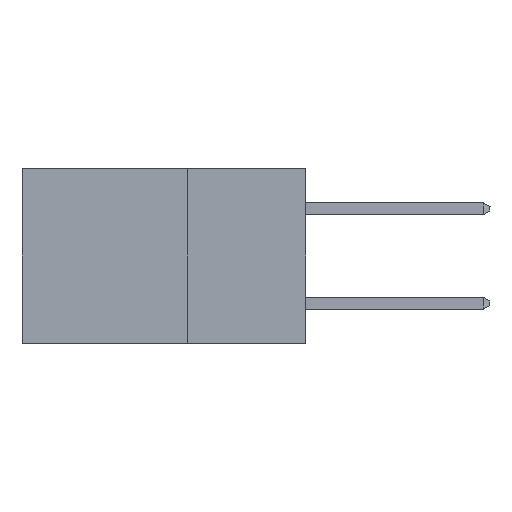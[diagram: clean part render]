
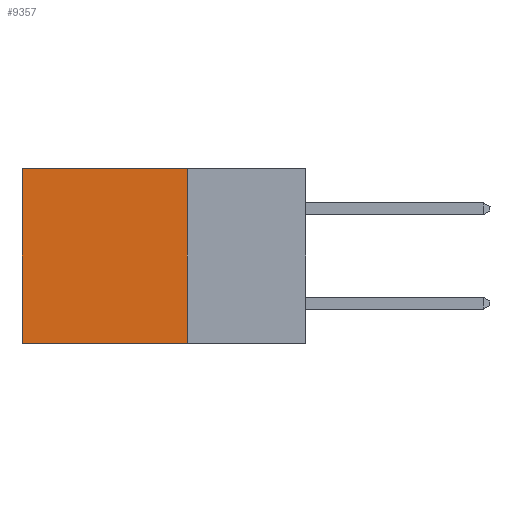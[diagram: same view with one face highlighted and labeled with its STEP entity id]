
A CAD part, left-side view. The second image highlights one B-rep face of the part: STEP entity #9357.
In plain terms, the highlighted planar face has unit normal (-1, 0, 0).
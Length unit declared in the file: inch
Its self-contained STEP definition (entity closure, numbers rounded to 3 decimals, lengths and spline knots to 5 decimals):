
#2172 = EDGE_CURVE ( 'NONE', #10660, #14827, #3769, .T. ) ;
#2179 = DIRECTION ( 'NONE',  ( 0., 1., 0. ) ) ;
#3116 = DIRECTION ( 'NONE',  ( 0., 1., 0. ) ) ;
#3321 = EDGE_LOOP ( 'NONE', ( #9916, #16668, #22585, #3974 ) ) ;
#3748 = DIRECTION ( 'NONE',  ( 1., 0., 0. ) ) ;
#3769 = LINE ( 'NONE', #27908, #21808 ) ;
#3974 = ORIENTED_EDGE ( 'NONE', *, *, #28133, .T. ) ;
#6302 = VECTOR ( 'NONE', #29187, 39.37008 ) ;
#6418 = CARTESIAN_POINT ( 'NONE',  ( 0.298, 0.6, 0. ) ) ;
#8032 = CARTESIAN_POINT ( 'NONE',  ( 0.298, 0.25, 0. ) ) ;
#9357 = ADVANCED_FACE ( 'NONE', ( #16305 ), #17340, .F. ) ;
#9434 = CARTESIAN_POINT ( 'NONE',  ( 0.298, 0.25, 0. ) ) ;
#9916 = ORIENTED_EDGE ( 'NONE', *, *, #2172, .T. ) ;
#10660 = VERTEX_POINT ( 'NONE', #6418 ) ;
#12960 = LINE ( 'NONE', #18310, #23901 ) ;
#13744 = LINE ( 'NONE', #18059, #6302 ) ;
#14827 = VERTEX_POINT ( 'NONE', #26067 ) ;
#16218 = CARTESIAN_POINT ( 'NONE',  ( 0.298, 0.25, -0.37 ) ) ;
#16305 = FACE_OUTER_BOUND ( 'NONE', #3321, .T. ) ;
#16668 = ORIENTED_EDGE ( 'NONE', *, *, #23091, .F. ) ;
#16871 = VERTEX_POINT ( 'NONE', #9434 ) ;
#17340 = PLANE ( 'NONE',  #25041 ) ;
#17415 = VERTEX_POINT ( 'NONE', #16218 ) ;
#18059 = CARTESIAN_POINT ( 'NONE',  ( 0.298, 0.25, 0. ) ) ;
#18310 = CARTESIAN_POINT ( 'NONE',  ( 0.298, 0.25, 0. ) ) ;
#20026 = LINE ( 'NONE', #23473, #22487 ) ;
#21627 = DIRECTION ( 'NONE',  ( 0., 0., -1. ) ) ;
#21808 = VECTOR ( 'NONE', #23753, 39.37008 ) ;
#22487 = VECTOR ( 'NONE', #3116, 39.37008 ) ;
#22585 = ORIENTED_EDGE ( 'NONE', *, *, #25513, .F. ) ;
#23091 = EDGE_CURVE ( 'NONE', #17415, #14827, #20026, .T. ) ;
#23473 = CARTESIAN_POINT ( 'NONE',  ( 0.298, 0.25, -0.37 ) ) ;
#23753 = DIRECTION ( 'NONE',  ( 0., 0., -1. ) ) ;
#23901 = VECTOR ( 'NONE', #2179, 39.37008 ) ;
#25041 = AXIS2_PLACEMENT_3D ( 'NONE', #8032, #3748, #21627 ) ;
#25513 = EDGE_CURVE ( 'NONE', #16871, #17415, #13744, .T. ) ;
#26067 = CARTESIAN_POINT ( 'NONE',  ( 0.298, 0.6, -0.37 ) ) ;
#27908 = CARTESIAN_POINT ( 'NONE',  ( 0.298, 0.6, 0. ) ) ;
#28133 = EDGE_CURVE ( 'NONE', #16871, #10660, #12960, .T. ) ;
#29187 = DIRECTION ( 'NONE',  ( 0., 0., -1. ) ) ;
■ ■ ■ ■ ■ ■ ■
■ Work to be completed:
Could you repeat the data exactly, omitting its pictures?

■ Answer for the task:
[diagram: clean part render]
[diagram: same view with one face highlighted and labeled with its STEP entity id]
A CAD part, left-side view. The second image highlights one B-rep face of the part: STEP entity #9357.
In plain terms, the highlighted planar face has unit normal (-1, 0, 0).
Length unit declared in the file: inch
Its self-contained STEP definition (entity closure, numbers rounded to 3 decimals, lengths and spline knots to 5 decimals):
#2172 = EDGE_CURVE ( 'NONE', #10660, #14827, #3769, .T. ) ;
#2179 = DIRECTION ( 'NONE',  ( 0., 1., 0. ) ) ;
#3116 = DIRECTION ( 'NONE',  ( 0., 1., 0. ) ) ;
#3321 = EDGE_LOOP ( 'NONE', ( #9916, #16668, #22585, #3974 ) ) ;
#3748 = DIRECTION ( 'NONE',  ( 1., 0., 0. ) ) ;
#3769 = LINE ( 'NONE', #27908, #21808 ) ;
#3974 = ORIENTED_EDGE ( 'NONE', *, *, #28133, .T. ) ;
#6302 = VECTOR ( 'NONE', #29187, 39.37008 ) ;
#6418 = CARTESIAN_POINT ( 'NONE',  ( 0.298, 0.6, 0. ) ) ;
#8032 = CARTESIAN_POINT ( 'NONE',  ( 0.298, 0.25, 0. ) ) ;
#9357 = ADVANCED_FACE ( 'NONE', ( #16305 ), #17340, .F. ) ;
#9434 = CARTESIAN_POINT ( 'NONE',  ( 0.298, 0.25, 0. ) ) ;
#9916 = ORIENTED_EDGE ( 'NONE', *, *, #2172, .T. ) ;
#10660 = VERTEX_POINT ( 'NONE', #6418 ) ;
#12960 = LINE ( 'NONE', #18310, #23901 ) ;
#13744 = LINE ( 'NONE', #18059, #6302 ) ;
#14827 = VERTEX_POINT ( 'NONE', #26067 ) ;
#16218 = CARTESIAN_POINT ( 'NONE',  ( 0.298, 0.25, -0.37 ) ) ;
#16305 = FACE_OUTER_BOUND ( 'NONE', #3321, .T. ) ;
#16668 = ORIENTED_EDGE ( 'NONE', *, *, #23091, .F. ) ;
#16871 = VERTEX_POINT ( 'NONE', #9434 ) ;
#17340 = PLANE ( 'NONE',  #25041 ) ;
#17415 = VERTEX_POINT ( 'NONE', #16218 ) ;
#18059 = CARTESIAN_POINT ( 'NONE',  ( 0.298, 0.25, 0. ) ) ;
#18310 = CARTESIAN_POINT ( 'NONE',  ( 0.298, 0.25, 0. ) ) ;
#20026 = LINE ( 'NONE', #23473, #22487 ) ;
#21627 = DIRECTION ( 'NONE',  ( 0., 0., -1. ) ) ;
#21808 = VECTOR ( 'NONE', #23753, 39.37008 ) ;
#22487 = VECTOR ( 'NONE', #3116, 39.37008 ) ;
#22585 = ORIENTED_EDGE ( 'NONE', *, *, #25513, .F. ) ;
#23091 = EDGE_CURVE ( 'NONE', #17415, #14827, #20026, .T. ) ;
#23473 = CARTESIAN_POINT ( 'NONE',  ( 0.298, 0.25, -0.37 ) ) ;
#23753 = DIRECTION ( 'NONE',  ( 0., 0., -1. ) ) ;
#23901 = VECTOR ( 'NONE', #2179, 39.37008 ) ;
#25041 = AXIS2_PLACEMENT_3D ( 'NONE', #8032, #3748, #21627 ) ;
#25513 = EDGE_CURVE ( 'NONE', #16871, #17415, #13744, .T. ) ;
#26067 = CARTESIAN_POINT ( 'NONE',  ( 0.298, 0.6, -0.37 ) ) ;
#27908 = CARTESIAN_POINT ( 'NONE',  ( 0.298, 0.6, 0. ) ) ;
#28133 = EDGE_CURVE ( 'NONE', #16871, #10660, #12960, .T. ) ;
#29187 = DIRECTION ( 'NONE',  ( 0., 0., -1. ) ) ;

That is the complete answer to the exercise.